**Records to process:**
-.-.-

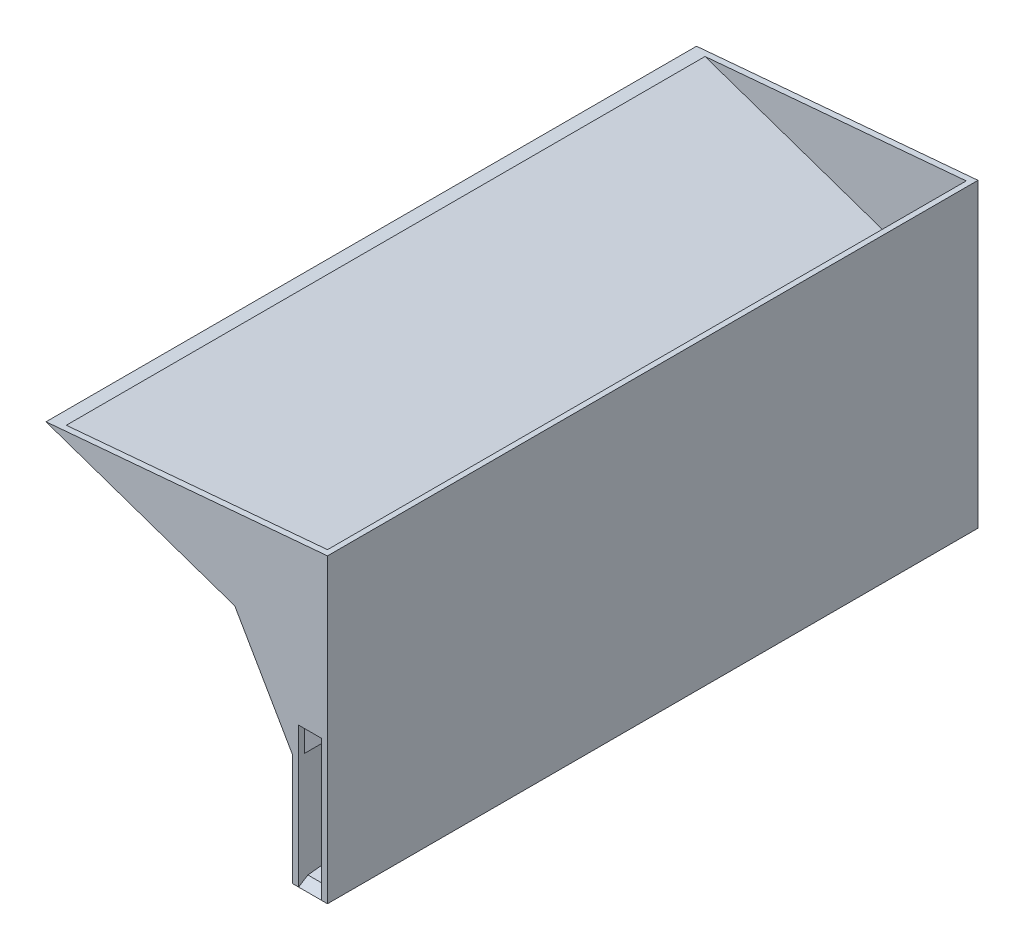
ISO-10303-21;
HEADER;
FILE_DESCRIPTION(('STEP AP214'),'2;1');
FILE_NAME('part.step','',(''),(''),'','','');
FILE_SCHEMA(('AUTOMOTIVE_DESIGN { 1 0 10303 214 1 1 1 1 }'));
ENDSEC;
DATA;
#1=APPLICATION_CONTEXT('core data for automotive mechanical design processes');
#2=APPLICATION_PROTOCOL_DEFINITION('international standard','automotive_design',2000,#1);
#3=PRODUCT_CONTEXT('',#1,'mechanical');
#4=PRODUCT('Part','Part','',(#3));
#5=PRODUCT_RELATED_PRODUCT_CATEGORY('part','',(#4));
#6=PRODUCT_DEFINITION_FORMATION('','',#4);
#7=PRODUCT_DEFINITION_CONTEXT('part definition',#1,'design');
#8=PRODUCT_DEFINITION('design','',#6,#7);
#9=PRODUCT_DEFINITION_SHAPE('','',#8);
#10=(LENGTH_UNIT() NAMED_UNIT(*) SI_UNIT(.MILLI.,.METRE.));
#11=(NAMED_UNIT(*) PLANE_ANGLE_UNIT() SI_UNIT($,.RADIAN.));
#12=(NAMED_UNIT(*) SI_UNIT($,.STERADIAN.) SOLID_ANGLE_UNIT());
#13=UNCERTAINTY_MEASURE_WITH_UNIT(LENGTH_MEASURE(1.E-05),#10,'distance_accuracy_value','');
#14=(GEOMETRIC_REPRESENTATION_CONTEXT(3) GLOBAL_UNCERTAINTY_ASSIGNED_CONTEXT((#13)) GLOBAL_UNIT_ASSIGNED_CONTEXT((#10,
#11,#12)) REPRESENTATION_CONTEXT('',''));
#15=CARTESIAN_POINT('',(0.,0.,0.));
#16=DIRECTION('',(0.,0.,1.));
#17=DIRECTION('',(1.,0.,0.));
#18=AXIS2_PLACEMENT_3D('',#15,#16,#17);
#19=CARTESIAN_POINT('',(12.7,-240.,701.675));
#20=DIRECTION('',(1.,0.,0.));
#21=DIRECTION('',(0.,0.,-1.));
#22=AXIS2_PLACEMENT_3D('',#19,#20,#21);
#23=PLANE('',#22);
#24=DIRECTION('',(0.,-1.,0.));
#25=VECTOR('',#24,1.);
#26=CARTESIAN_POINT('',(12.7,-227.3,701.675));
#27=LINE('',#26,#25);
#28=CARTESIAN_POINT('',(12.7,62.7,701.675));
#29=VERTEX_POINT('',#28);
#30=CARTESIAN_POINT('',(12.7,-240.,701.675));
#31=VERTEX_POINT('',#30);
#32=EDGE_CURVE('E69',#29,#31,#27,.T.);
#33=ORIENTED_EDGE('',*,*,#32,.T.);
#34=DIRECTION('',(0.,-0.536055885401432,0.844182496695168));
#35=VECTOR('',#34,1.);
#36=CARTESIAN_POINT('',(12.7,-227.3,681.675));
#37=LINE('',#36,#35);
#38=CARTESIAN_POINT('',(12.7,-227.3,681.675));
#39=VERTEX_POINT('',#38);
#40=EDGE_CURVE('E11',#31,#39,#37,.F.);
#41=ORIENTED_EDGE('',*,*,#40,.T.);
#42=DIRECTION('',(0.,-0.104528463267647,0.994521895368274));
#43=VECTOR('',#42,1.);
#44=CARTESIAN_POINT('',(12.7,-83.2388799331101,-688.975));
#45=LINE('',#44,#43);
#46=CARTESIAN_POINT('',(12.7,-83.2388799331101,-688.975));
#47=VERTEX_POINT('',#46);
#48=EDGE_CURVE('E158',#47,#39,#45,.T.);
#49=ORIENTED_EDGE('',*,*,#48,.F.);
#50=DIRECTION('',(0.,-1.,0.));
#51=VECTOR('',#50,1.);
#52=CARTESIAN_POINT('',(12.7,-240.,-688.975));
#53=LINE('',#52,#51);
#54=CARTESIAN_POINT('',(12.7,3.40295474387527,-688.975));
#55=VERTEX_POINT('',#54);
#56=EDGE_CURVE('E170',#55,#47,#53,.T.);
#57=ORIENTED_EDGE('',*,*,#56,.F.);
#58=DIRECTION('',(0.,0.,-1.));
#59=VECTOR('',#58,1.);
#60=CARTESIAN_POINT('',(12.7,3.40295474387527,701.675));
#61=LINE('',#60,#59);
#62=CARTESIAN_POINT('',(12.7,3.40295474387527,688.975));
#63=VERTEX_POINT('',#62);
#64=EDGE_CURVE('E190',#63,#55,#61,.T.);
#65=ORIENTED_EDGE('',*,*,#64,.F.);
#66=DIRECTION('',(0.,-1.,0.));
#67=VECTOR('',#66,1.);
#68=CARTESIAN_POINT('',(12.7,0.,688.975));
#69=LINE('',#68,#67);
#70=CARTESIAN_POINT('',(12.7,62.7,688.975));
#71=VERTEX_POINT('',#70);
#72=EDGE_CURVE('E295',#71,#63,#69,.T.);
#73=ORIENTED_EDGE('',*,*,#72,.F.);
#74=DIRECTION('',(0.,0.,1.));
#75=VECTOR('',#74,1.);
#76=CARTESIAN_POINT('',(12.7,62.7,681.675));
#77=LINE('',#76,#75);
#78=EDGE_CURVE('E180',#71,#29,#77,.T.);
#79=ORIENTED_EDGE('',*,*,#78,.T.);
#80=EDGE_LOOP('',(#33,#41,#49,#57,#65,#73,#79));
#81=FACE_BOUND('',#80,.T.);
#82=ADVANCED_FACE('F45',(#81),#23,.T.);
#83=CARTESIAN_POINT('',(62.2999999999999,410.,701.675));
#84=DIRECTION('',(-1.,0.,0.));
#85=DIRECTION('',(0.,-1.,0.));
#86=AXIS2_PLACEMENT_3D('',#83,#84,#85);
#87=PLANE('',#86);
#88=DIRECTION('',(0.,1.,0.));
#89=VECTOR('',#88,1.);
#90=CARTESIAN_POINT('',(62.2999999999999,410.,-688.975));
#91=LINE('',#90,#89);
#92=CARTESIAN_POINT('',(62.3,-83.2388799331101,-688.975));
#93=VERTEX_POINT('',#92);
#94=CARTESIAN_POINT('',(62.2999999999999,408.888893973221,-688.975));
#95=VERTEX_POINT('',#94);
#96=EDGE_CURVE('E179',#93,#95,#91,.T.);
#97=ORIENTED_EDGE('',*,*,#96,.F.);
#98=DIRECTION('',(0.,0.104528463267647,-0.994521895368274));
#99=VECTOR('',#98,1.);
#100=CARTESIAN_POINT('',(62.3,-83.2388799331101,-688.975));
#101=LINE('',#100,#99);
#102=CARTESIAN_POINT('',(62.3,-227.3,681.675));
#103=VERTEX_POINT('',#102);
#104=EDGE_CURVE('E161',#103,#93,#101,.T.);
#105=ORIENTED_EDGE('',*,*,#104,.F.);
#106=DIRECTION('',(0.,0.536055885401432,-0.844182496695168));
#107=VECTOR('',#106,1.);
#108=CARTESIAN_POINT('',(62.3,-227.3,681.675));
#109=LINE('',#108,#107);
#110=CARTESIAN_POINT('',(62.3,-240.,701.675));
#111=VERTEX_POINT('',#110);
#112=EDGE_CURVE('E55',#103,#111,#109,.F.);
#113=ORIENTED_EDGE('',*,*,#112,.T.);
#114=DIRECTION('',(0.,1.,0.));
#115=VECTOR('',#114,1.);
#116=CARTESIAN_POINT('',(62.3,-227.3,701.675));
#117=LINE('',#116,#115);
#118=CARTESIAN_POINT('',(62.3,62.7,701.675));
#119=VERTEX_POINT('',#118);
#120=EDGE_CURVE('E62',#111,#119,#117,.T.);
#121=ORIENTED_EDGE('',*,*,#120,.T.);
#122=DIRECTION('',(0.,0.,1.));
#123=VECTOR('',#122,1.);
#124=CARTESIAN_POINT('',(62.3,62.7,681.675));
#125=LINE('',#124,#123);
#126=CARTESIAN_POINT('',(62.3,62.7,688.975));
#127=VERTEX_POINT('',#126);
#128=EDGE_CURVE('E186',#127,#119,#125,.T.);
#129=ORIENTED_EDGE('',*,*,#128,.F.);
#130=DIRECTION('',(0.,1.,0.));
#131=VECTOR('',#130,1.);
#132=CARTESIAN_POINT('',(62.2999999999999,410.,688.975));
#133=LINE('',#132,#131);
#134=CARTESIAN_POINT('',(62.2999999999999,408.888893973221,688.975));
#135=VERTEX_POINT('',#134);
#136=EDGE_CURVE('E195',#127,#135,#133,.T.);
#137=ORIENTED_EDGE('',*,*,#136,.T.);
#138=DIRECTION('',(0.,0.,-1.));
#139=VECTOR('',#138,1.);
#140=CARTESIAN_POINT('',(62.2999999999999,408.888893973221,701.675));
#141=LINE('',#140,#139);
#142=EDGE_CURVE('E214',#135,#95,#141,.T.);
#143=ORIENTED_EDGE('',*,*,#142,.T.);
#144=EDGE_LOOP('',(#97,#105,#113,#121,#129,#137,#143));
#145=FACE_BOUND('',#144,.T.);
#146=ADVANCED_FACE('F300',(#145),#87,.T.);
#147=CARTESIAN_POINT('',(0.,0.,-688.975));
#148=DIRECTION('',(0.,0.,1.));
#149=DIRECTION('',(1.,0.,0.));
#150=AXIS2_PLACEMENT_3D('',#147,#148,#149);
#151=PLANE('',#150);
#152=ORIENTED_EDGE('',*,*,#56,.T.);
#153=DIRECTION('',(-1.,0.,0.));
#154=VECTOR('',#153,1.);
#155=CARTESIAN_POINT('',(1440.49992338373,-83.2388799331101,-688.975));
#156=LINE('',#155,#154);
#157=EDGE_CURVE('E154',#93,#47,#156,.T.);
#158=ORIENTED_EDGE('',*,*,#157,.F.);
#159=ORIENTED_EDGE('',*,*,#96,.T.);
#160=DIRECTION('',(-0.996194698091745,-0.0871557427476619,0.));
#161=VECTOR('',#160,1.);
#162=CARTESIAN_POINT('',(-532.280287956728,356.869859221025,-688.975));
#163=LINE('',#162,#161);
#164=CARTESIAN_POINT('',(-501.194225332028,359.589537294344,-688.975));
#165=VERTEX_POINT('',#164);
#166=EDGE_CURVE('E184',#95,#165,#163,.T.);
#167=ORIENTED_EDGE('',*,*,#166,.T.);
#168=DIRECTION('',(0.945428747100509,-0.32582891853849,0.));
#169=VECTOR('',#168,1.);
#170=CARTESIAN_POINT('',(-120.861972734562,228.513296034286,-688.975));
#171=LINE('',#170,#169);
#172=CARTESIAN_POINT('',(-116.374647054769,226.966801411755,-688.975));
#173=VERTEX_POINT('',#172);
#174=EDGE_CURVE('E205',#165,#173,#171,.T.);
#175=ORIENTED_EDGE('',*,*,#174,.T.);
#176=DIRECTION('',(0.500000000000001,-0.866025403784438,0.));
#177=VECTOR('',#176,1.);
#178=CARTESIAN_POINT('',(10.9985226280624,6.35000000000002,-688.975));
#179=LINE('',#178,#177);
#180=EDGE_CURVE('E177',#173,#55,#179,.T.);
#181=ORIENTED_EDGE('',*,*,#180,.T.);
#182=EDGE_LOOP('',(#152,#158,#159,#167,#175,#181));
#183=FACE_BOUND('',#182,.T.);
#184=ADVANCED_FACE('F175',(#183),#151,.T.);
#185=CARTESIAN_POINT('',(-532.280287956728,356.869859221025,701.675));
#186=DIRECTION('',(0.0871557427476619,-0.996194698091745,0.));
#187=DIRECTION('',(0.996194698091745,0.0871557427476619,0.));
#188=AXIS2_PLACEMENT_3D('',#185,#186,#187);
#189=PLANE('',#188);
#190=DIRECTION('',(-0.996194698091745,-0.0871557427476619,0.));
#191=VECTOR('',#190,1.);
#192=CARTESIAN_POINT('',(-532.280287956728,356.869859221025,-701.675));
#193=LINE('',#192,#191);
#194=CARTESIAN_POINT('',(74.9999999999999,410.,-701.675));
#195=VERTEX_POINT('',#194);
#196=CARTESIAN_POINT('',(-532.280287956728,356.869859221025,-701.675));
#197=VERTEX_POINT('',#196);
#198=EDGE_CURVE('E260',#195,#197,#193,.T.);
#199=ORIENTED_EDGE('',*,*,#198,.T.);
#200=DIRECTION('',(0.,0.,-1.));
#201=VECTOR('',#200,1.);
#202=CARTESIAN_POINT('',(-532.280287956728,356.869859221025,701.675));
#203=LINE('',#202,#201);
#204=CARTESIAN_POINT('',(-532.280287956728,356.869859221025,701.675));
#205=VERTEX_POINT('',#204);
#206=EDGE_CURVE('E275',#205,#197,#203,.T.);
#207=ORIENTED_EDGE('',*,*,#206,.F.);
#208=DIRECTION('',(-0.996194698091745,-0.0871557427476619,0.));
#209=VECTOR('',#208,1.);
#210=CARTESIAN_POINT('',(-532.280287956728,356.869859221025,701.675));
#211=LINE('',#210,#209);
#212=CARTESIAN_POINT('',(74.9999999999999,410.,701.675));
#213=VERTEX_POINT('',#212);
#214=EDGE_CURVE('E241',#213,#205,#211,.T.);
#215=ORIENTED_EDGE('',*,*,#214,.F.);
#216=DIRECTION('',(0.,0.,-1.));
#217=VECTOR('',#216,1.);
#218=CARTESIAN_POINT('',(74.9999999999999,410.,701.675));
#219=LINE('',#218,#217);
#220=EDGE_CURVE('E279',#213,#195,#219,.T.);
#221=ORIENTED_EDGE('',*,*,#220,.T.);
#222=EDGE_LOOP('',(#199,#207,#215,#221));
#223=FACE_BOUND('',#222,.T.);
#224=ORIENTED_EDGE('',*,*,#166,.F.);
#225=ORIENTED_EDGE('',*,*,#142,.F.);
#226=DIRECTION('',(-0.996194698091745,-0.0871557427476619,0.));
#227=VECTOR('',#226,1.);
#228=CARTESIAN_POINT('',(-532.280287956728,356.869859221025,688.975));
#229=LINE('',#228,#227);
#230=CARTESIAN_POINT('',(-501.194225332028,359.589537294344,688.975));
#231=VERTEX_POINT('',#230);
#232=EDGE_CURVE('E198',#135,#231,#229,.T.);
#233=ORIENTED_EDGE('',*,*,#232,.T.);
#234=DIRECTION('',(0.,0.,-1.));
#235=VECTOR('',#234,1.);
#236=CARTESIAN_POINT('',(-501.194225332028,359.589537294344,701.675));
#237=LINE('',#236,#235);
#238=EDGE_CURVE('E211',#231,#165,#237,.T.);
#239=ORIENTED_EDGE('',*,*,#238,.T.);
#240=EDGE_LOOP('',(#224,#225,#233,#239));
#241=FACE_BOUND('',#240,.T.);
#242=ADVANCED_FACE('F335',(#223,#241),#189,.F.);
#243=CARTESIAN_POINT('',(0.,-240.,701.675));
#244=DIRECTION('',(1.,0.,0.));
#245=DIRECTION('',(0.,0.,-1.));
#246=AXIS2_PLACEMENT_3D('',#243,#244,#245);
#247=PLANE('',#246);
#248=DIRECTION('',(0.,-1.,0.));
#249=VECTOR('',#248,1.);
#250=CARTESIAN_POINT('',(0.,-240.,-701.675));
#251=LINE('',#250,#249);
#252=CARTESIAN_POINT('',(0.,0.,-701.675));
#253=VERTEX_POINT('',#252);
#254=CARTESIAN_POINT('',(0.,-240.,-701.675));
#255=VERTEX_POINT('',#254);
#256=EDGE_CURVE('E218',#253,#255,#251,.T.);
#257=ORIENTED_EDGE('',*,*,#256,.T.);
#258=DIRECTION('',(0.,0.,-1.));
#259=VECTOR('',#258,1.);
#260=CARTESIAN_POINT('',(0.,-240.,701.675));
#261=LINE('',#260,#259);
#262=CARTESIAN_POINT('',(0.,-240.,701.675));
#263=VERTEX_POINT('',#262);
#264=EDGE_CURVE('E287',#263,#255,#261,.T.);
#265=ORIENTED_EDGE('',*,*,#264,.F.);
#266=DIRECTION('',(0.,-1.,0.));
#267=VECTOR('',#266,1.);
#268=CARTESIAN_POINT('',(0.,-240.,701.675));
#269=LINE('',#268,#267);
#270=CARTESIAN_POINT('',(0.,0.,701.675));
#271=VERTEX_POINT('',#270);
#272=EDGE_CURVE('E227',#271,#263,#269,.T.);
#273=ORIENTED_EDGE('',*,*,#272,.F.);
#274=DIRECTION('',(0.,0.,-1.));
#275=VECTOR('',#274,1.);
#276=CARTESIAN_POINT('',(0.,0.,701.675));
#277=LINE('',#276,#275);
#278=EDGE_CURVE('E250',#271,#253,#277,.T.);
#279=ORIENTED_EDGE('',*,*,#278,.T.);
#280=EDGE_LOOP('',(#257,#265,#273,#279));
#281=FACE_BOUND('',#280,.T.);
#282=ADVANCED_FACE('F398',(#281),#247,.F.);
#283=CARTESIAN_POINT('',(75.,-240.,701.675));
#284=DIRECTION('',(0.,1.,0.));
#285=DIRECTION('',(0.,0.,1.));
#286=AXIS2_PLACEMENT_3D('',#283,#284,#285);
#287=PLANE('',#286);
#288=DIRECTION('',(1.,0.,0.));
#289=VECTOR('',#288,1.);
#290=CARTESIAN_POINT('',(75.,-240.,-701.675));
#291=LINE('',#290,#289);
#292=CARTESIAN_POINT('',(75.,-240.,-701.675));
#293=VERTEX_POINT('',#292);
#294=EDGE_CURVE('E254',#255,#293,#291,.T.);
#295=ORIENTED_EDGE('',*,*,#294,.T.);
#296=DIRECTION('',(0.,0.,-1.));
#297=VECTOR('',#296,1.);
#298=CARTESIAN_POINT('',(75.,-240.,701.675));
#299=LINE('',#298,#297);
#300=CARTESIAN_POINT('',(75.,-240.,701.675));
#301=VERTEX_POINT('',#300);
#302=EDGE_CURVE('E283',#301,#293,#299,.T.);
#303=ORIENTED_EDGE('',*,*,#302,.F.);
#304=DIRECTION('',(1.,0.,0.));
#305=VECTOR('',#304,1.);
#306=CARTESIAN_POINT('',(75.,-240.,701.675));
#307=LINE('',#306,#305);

-.-.-

**What you should do:** From the records above, repeat exactly the lines from the one with "#36=CARTESIAN_POINT('',(12.7,-227.3,681.675));" through the one with "#58=DIRECTION('',(0.,0.,-1.));", both included.

**Result:**
#36=CARTESIAN_POINT('',(12.7,-227.3,681.675));
#37=LINE('',#36,#35);
#38=CARTESIAN_POINT('',(12.7,-227.3,681.675));
#39=VERTEX_POINT('',#38);
#40=EDGE_CURVE('E11',#31,#39,#37,.F.);
#41=ORIENTED_EDGE('',*,*,#40,.T.);
#42=DIRECTION('',(0.,-0.104528463267647,0.994521895368274));
#43=VECTOR('',#42,1.);
#44=CARTESIAN_POINT('',(12.7,-83.2388799331101,-688.975));
#45=LINE('',#44,#43);
#46=CARTESIAN_POINT('',(12.7,-83.2388799331101,-688.975));
#47=VERTEX_POINT('',#46);
#48=EDGE_CURVE('E158',#47,#39,#45,.T.);
#49=ORIENTED_EDGE('',*,*,#48,.F.);
#50=DIRECTION('',(0.,-1.,0.));
#51=VECTOR('',#50,1.);
#52=CARTESIAN_POINT('',(12.7,-240.,-688.975));
#53=LINE('',#52,#51);
#54=CARTESIAN_POINT('',(12.7,3.40295474387527,-688.975));
#55=VERTEX_POINT('',#54);
#56=EDGE_CURVE('E170',#55,#47,#53,.T.);
#57=ORIENTED_EDGE('',*,*,#56,.F.);
#58=DIRECTION('',(0.,0.,-1.));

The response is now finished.